Exercise brief:
Repeat the stretch of entries below from the line with "#23281 = VERTEX_POINT ( 'NONE', #25974 ) ;" through the line with "#26539 = EDGE_CURVE". Include both ends and add nothing.

********

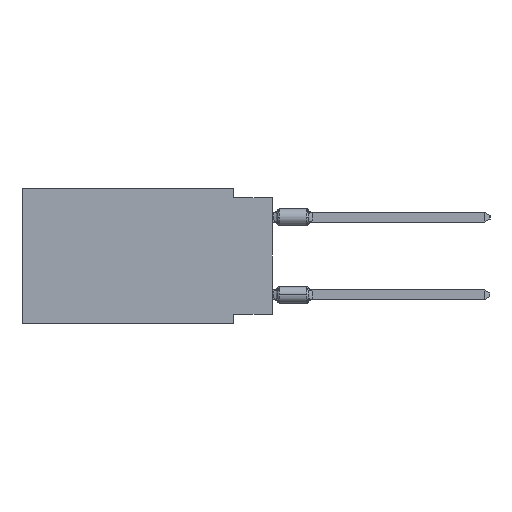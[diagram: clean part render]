
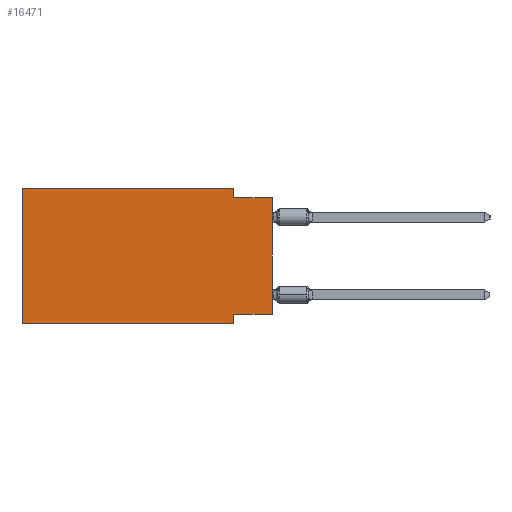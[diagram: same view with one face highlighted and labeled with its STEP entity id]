
A CAD part, left-side view. The second image highlights one B-rep face of the part: STEP entity #16471.
In plain terms, the highlighted planar face has unit normal (-1, 0, 0).
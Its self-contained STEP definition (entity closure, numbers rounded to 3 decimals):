
#372 = CARTESIAN_POINT ( 'NONE',  ( 0., 16.383, -8.89 ) ) ;
#1165 = EDGE_CURVE ( 'NONE', #10396, #30719, #8678, .T. ) ;
#1290 = CARTESIAN_POINT ( 'NONE',  ( 0., 0., -0.635 ) ) ;
#1413 = PLANE ( 'NONE',  #20161 ) ;
#1625 = CARTESIAN_POINT ( 'NONE',  ( 0., 16.383, 0. ) ) ;
#1628 = LINE ( 'NONE', #26863, #5514 ) ;
#1643 = VECTOR ( 'NONE', #14332, 1000. ) ;
#2059 = ORIENTED_EDGE ( 'NONE', *, *, #13462, .T. ) ;
#3273 = CARTESIAN_POINT ( 'NONE',  ( 0., 0., -8.255 ) ) ;
#3451 = ORIENTED_EDGE ( 'NONE', *, *, #26539, .F. ) ;
#3682 = CARTESIAN_POINT ( 'NONE',  ( 0., 0., 0. ) ) ;
#3730 = LINE ( 'NONE', #13769, #4769 ) ;
#3741 = FACE_OUTER_BOUND ( 'NONE', #30113, .T. ) ;
#3891 = DIRECTION ( 'NONE',  ( 0., 0., -1. ) ) ;
#4422 = ORIENTED_EDGE ( 'NONE', *, *, #24461, .F. ) ;
#4599 = CARTESIAN_POINT ( 'NONE',  ( 0., 2.54, -8.89 ) ) ;
#4769 = VECTOR ( 'NONE', #23332, 1000. ) ;
#4771 = CARTESIAN_POINT ( 'NONE',  ( 0., 0., -0.635 ) ) ;
#5026 = CARTESIAN_POINT ( 'NONE',  ( 0., 0., -8.255 ) ) ;
#5323 = CARTESIAN_POINT ( 'NONE',  ( 0., 2.54, 0. ) ) ;
#5514 = VECTOR ( 'NONE', #14161, 1000. ) ;
#5726 = VECTOR ( 'NONE', #15565, 1000. ) ;
#6500 = CARTESIAN_POINT ( 'NONE',  ( 0., 2.54, -8.255 ) ) ;
#6583 = VECTOR ( 'NONE', #3891, 1000. ) ;
#6735 = LINE ( 'NONE', #4771, #1643 ) ;
#6755 = EDGE_CURVE ( 'NONE', #30719, #17333, #6735, .T. ) ;
#8678 = LINE ( 'NONE', #21186, #6583 ) ;
#8897 = VERTEX_POINT ( 'NONE', #6500 ) ;
#10324 = CARTESIAN_POINT ( 'NONE',  ( 0., 16.383, -8.89 ) ) ;
#10346 = ORIENTED_EDGE ( 'NONE', *, *, #32320, .T. ) ;
#10396 = VERTEX_POINT ( 'NONE', #5323 ) ;
#10937 = EDGE_CURVE ( 'NONE', #23281, #10396, #1628, .T. ) ;
#12154 = VECTOR ( 'NONE', #24979, 1000. ) ;
#12866 = VERTEX_POINT ( 'NONE', #10324 ) ;
#13462 = EDGE_CURVE ( 'NONE', #31836, #17333, #28400, .T. ) ;
#13769 = CARTESIAN_POINT ( 'NONE',  ( 0., 2.54, -8.89 ) ) ;
#13950 = DIRECTION ( 'NONE',  ( 1., 0., 0. ) ) ;
#14161 = DIRECTION ( 'NONE',  ( 0., -1., 0. ) ) ;
#14332 = DIRECTION ( 'NONE',  ( 0., -1., 0. ) ) ;
#14428 = CARTESIAN_POINT ( 'NONE',  ( 0., 2.54, -0.635 ) ) ;
#15565 = DIRECTION ( 'NONE',  ( 0., -1., 0. ) ) ;
#15653 = ORIENTED_EDGE ( 'NONE', *, *, #1165, .F. ) ;
#16471 = ADVANCED_FACE ( 'NONE', ( #3741 ), #1413, .F. ) ;
#16541 = DIRECTION ( 'NONE',  ( 0., 0., 1. ) ) ;
#17333 = VERTEX_POINT ( 'NONE', #1290 ) ;
#18588 = VERTEX_POINT ( 'NONE', #4599 ) ;
#20161 = AXIS2_PLACEMENT_3D ( 'NONE', #23678, #13950, #29096 ) ;
#20652 = LINE ( 'NONE', #372, #5726 ) ;
#21186 = CARTESIAN_POINT ( 'NONE',  ( 0., 2.54, 0. ) ) ;
#23281 = VERTEX_POINT ( 'NONE', #25974 ) ;
#23332 = DIRECTION ( 'NONE',  ( 0., 0., -1. ) ) ;
#23653 = VECTOR ( 'NONE', #26372, 1000. ) ;
#23678 = CARTESIAN_POINT ( 'NONE',  ( 0., 16.383, 0. ) ) ;
#24219 = LINE ( 'NONE', #1625, #23653 ) ;
#24461 = EDGE_CURVE ( 'NONE', #8897, #18588, #3730, .T. ) ;
#24804 = EDGE_CURVE ( 'NONE', #31836, #8897, #29742, .T. ) ;
#24979 = DIRECTION ( 'NONE',  ( 0., 1., 0. ) ) ;
#25704 = ORIENTED_EDGE ( 'NONE', *, *, #10937, .F. ) ;
#25974 = CARTESIAN_POINT ( 'NONE',  ( 0., 16.383, 0. ) ) ;
#26372 = DIRECTION ( 'NONE',  ( 0., 0., 1. ) ) ;
#26539 = EDGE_CURVE ( 'NONE', #12866, #23281, #24219, .T. ) ;
#26863 = CARTESIAN_POINT ( 'NONE',  ( 0., 16.383, 0. ) ) ;
#27820 = ORIENTED_EDGE ( 'NONE', *, *, #24804, .F. ) ;
#28400 = LINE ( 'NONE', #3682, #28759 ) ;
#28759 = VECTOR ( 'NONE', #16541, 1000. ) ;
#29096 = DIRECTION ( 'NONE',  ( 0., 0., -1. ) ) ;
#29742 = LINE ( 'NONE', #5026, #12154 ) ;
#30113 = EDGE_LOOP ( 'NONE', ( #2059, #31458, #15653, #25704, #3451, #10346, #4422, #27820 ) ) ;
#30719 = VERTEX_POINT ( 'NONE', #14428 ) ;
#31458 = ORIENTED_EDGE ( 'NONE', *, *, #6755, .F. ) ;
#31836 = VERTEX_POINT ( 'NONE', #3273 ) ;
#32320 = EDGE_CURVE ( 'NONE', #12866, #18588, #20652, .T. ) ;

********

Exercise solution:
#23281 = VERTEX_POINT ( 'NONE', #25974 ) ;
#23332 = DIRECTION ( 'NONE',  ( 0., 0., -1. ) ) ;
#23653 = VECTOR ( 'NONE', #26372, 1000. ) ;
#23678 = CARTESIAN_POINT ( 'NONE',  ( 0., 16.383, 0. ) ) ;
#24219 = LINE ( 'NONE', #1625, #23653 ) ;
#24461 = EDGE_CURVE ( 'NONE', #8897, #18588, #3730, .T. ) ;
#24804 = EDGE_CURVE ( 'NONE', #31836, #8897, #29742, .T. ) ;
#24979 = DIRECTION ( 'NONE',  ( 0., 1., 0. ) ) ;
#25704 = ORIENTED_EDGE ( 'NONE', *, *, #10937, .F. ) ;
#25974 = CARTESIAN_POINT ( 'NONE',  ( 0., 16.383, 0. ) ) ;
#26372 = DIRECTION ( 'NONE',  ( 0., 0., 1. ) ) ;
#26539 = EDGE_CURVE ( 'NONE', #12866, #23281, #24219, .T. ) ;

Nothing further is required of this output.